Newsletter Volume 36, Number 1, 2021

受賞者からのコメント

顔写真:小川 勇

優秀口頭発表賞を受賞して

名古屋市立大学大学院薬学研究科 臨床薬学分野
小川 勇

 この度,日本薬物動態学会第35回年会において,優秀口頭発表賞という栄誉ある賞をいただき,誠にありがとうございます.選考委員の先生方および日本薬物動態学会関係者の皆様に厚く御礼申し上げます.
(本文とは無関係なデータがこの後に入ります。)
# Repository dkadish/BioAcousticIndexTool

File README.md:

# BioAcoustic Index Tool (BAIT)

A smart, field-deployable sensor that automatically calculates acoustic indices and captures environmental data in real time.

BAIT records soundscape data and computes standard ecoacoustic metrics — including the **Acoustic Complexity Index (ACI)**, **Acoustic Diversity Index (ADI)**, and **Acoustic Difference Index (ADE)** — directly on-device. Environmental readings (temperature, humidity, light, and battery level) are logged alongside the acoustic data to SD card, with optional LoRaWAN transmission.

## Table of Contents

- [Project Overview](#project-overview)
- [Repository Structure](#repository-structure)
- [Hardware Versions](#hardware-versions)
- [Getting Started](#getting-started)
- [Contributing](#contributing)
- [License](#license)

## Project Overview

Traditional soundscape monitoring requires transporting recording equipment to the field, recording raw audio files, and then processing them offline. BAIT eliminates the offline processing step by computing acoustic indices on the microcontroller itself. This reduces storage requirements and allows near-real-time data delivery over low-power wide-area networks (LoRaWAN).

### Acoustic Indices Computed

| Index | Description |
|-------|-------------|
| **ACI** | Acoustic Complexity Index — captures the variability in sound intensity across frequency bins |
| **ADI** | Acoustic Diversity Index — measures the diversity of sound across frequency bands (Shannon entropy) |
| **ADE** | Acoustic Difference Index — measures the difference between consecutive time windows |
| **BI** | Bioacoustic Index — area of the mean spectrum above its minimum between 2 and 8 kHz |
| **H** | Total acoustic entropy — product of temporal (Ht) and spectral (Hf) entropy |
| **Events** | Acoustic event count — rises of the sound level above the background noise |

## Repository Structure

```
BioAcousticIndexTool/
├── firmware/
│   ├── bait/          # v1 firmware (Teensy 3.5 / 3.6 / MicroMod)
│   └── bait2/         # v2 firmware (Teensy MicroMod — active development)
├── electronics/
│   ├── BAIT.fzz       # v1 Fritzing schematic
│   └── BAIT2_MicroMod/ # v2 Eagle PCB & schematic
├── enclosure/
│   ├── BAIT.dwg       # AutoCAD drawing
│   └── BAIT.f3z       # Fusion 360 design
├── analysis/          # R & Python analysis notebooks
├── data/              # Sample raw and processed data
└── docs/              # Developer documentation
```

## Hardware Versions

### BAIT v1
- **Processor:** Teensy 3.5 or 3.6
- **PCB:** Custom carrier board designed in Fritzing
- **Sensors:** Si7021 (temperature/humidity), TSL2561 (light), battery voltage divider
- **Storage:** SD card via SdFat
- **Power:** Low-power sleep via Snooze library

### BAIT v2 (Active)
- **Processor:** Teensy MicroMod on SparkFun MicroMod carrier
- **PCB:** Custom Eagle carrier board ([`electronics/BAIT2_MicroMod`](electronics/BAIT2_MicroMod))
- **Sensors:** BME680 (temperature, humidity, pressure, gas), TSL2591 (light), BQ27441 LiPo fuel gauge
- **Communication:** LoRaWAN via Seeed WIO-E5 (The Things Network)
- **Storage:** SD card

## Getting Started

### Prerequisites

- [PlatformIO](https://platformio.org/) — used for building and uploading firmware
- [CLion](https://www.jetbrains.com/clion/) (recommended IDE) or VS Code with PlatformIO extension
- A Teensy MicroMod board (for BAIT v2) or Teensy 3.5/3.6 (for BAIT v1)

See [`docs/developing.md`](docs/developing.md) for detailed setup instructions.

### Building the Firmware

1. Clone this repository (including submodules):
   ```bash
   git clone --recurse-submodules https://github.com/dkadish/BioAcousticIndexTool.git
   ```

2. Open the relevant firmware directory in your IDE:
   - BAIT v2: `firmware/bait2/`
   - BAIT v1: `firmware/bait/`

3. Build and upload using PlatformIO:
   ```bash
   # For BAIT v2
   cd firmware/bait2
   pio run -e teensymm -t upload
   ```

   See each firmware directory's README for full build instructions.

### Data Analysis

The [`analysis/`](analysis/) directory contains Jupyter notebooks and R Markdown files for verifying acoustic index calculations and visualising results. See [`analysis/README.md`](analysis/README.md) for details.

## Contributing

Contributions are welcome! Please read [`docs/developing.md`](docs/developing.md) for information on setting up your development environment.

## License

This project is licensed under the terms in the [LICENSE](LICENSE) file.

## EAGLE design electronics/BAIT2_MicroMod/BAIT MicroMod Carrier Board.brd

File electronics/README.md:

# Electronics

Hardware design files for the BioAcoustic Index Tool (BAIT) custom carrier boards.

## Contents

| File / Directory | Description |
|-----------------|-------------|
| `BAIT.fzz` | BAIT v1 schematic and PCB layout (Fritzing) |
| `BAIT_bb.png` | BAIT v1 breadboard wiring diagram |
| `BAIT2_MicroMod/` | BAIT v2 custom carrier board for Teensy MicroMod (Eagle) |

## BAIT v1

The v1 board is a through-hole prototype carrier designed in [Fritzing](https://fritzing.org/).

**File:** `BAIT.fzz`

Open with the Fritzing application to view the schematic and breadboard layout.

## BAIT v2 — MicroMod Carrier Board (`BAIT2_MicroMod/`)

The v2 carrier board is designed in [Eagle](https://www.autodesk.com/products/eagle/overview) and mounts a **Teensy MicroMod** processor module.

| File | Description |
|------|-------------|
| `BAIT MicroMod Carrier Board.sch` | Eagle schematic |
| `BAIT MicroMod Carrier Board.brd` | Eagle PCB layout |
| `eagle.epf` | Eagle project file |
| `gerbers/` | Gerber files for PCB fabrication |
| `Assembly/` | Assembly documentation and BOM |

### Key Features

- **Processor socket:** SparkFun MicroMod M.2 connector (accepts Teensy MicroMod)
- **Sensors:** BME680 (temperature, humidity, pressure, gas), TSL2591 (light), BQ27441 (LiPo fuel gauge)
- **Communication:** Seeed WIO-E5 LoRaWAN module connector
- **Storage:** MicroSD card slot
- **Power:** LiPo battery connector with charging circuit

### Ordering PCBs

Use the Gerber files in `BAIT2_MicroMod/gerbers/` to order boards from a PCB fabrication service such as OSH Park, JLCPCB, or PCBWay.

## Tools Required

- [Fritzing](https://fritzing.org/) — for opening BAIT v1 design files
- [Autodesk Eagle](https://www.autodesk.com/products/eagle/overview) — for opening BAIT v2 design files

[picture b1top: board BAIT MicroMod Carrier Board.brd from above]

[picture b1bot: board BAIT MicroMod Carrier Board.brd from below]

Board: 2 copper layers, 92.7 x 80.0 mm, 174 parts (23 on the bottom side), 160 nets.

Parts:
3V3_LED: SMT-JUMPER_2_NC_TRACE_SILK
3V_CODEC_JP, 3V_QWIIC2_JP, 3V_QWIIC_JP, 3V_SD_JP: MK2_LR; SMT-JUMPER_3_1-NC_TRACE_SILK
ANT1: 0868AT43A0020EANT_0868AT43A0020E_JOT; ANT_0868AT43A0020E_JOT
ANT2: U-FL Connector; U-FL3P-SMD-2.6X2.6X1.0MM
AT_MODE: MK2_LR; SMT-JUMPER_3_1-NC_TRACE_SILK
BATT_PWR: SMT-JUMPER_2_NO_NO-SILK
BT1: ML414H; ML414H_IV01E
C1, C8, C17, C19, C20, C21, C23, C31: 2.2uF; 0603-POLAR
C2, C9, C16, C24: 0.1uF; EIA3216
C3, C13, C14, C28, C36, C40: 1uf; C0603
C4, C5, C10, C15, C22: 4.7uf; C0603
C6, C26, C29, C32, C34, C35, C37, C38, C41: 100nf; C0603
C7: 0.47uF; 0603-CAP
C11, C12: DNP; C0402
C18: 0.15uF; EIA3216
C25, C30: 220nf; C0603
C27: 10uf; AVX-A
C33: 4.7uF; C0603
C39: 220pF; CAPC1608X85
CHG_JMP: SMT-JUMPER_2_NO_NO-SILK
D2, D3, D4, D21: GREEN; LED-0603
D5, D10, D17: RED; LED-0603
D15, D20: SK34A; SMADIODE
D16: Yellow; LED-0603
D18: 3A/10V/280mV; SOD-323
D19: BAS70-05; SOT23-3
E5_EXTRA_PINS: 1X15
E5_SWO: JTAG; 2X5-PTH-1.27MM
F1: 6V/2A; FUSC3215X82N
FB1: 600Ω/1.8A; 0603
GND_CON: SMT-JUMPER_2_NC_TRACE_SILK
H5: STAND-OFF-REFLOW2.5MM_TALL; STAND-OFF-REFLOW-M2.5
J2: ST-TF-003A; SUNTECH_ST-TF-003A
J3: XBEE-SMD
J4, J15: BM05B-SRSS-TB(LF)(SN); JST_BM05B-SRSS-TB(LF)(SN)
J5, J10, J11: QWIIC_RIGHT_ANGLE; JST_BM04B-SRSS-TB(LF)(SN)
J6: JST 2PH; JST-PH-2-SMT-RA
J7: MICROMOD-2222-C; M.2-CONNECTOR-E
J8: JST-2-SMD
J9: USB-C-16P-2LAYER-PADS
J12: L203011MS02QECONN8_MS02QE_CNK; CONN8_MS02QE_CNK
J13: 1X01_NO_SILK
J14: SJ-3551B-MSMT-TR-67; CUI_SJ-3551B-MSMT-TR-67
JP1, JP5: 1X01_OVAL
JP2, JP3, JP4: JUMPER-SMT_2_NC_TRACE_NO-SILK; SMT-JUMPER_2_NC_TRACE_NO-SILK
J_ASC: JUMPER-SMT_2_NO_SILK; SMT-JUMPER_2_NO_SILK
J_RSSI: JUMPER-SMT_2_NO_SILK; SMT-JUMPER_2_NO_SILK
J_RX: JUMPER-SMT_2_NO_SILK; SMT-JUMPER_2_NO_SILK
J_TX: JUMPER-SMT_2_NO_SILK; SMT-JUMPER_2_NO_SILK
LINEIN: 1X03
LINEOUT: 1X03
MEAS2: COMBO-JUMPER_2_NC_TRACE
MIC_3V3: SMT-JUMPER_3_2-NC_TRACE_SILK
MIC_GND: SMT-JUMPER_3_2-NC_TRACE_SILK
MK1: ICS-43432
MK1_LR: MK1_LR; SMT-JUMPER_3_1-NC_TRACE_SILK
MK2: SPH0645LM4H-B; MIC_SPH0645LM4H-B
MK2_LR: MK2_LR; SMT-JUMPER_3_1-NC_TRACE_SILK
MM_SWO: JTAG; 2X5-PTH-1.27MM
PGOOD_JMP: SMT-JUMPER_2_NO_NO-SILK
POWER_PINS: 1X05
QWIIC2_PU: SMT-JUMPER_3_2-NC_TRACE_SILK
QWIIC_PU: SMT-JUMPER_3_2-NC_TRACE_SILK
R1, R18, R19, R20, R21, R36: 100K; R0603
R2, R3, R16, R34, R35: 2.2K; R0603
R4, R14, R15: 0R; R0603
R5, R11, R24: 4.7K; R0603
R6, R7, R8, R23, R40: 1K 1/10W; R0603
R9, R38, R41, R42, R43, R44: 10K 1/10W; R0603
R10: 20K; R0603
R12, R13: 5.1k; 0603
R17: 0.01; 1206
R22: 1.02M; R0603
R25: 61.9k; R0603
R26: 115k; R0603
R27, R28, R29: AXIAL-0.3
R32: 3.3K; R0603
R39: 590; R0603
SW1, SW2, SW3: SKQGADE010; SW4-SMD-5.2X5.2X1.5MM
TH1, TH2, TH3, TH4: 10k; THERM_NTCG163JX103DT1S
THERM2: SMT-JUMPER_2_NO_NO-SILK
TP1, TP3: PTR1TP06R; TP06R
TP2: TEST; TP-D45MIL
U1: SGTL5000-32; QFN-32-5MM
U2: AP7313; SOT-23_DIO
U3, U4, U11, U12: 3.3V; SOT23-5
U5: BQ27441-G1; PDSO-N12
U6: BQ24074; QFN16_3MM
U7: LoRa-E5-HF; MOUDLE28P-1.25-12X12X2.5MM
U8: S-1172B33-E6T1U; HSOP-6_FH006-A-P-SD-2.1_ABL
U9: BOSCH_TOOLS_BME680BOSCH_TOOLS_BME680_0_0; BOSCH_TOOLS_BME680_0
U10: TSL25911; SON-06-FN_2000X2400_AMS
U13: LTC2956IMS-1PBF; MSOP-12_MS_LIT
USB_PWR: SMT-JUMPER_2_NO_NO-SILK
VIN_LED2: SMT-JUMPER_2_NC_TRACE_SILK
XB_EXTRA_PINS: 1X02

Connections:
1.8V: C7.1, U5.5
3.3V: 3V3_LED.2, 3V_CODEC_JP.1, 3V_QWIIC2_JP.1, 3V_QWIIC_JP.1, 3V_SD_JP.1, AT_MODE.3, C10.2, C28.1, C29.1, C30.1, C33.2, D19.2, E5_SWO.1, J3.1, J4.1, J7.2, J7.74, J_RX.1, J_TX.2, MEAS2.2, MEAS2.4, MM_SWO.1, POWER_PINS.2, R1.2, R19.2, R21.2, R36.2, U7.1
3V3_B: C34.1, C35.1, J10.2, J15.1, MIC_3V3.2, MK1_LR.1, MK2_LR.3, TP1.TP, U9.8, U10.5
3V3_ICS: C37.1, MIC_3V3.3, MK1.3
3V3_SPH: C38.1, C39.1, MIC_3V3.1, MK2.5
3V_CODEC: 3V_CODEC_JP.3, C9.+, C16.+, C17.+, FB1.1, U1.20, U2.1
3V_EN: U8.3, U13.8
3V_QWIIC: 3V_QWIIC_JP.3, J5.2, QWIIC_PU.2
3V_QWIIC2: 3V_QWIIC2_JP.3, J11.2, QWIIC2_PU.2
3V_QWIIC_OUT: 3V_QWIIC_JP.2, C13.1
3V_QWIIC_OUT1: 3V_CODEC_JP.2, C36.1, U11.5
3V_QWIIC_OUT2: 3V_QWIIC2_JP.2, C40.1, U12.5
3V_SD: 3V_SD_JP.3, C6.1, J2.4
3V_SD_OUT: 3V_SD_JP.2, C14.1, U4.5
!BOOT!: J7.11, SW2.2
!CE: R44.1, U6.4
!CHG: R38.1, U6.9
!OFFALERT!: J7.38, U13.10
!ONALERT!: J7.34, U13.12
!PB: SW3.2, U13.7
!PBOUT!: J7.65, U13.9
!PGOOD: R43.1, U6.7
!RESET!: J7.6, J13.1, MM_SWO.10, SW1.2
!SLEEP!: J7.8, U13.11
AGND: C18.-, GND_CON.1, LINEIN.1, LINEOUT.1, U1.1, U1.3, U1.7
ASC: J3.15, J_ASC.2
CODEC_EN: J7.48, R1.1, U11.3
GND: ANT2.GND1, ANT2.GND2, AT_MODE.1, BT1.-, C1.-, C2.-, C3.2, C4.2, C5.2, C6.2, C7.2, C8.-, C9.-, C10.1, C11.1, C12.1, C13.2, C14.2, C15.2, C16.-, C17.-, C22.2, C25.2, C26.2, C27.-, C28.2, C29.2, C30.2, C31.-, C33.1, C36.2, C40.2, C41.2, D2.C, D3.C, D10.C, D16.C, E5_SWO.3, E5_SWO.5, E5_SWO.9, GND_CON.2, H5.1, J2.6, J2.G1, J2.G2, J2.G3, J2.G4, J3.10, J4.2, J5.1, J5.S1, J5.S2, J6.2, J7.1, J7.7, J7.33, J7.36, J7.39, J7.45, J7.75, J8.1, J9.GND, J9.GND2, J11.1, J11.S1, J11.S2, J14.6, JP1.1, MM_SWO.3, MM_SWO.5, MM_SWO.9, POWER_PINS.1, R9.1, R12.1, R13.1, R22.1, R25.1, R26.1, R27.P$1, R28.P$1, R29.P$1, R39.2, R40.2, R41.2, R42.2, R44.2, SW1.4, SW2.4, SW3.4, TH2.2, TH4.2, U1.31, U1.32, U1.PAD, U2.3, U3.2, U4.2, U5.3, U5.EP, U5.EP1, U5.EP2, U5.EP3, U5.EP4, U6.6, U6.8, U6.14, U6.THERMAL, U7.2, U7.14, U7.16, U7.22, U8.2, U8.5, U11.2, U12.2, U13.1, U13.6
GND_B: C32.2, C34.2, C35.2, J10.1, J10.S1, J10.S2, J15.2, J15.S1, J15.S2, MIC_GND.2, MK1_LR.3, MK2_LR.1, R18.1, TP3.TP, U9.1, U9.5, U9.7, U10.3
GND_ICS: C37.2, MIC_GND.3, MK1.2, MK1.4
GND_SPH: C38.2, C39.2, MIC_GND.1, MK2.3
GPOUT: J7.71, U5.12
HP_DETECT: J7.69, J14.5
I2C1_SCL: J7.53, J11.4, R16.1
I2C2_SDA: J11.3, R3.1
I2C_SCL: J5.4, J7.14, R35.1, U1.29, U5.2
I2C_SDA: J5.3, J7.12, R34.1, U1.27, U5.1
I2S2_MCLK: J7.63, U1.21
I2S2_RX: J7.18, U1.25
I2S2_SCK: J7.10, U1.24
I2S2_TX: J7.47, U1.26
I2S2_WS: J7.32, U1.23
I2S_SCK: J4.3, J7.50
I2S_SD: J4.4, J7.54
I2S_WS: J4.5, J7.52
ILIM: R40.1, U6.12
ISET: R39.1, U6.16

 医薬品の多くは経口投与薬であり,消化管吸収過程の評価は医薬品開発において非常に重要となります.非臨床試験ではヒト結腸がん由来のCaco-2細胞がゴールドスタンダードとして使用されていますが,ヒト消化管と比較してトランスポーターの発現パターンが異なることや,cytochrome P450(CYP)活性が顕著に低いなど多くの課題があります.また,比較的ヒトのin vivoに近い評価系として実験動物を利用した評価系もありますが,ヒトとの種差や倫理的な問題があるため,動物を用いない代替法への変更や動物数の削減が推進されています.近年ヒト人工多能性幹細胞(hiPSC)研究の発展が著しく,腸上皮細胞(二次元培養)や腸管オルガノイド(三次元培養)への分化誘導法が数多く報告されています.特に腸上皮細胞は薬物動態研究への応用も進められており,従来の評価系よりも精度の高い評価が可能になってきています.一方で,腸粘膜層や腸内細菌叢も薬物の代謝吸収に関与していることも明らかになってきており,より生体内環境を模倣した腸管評価系の構築が必要とされています.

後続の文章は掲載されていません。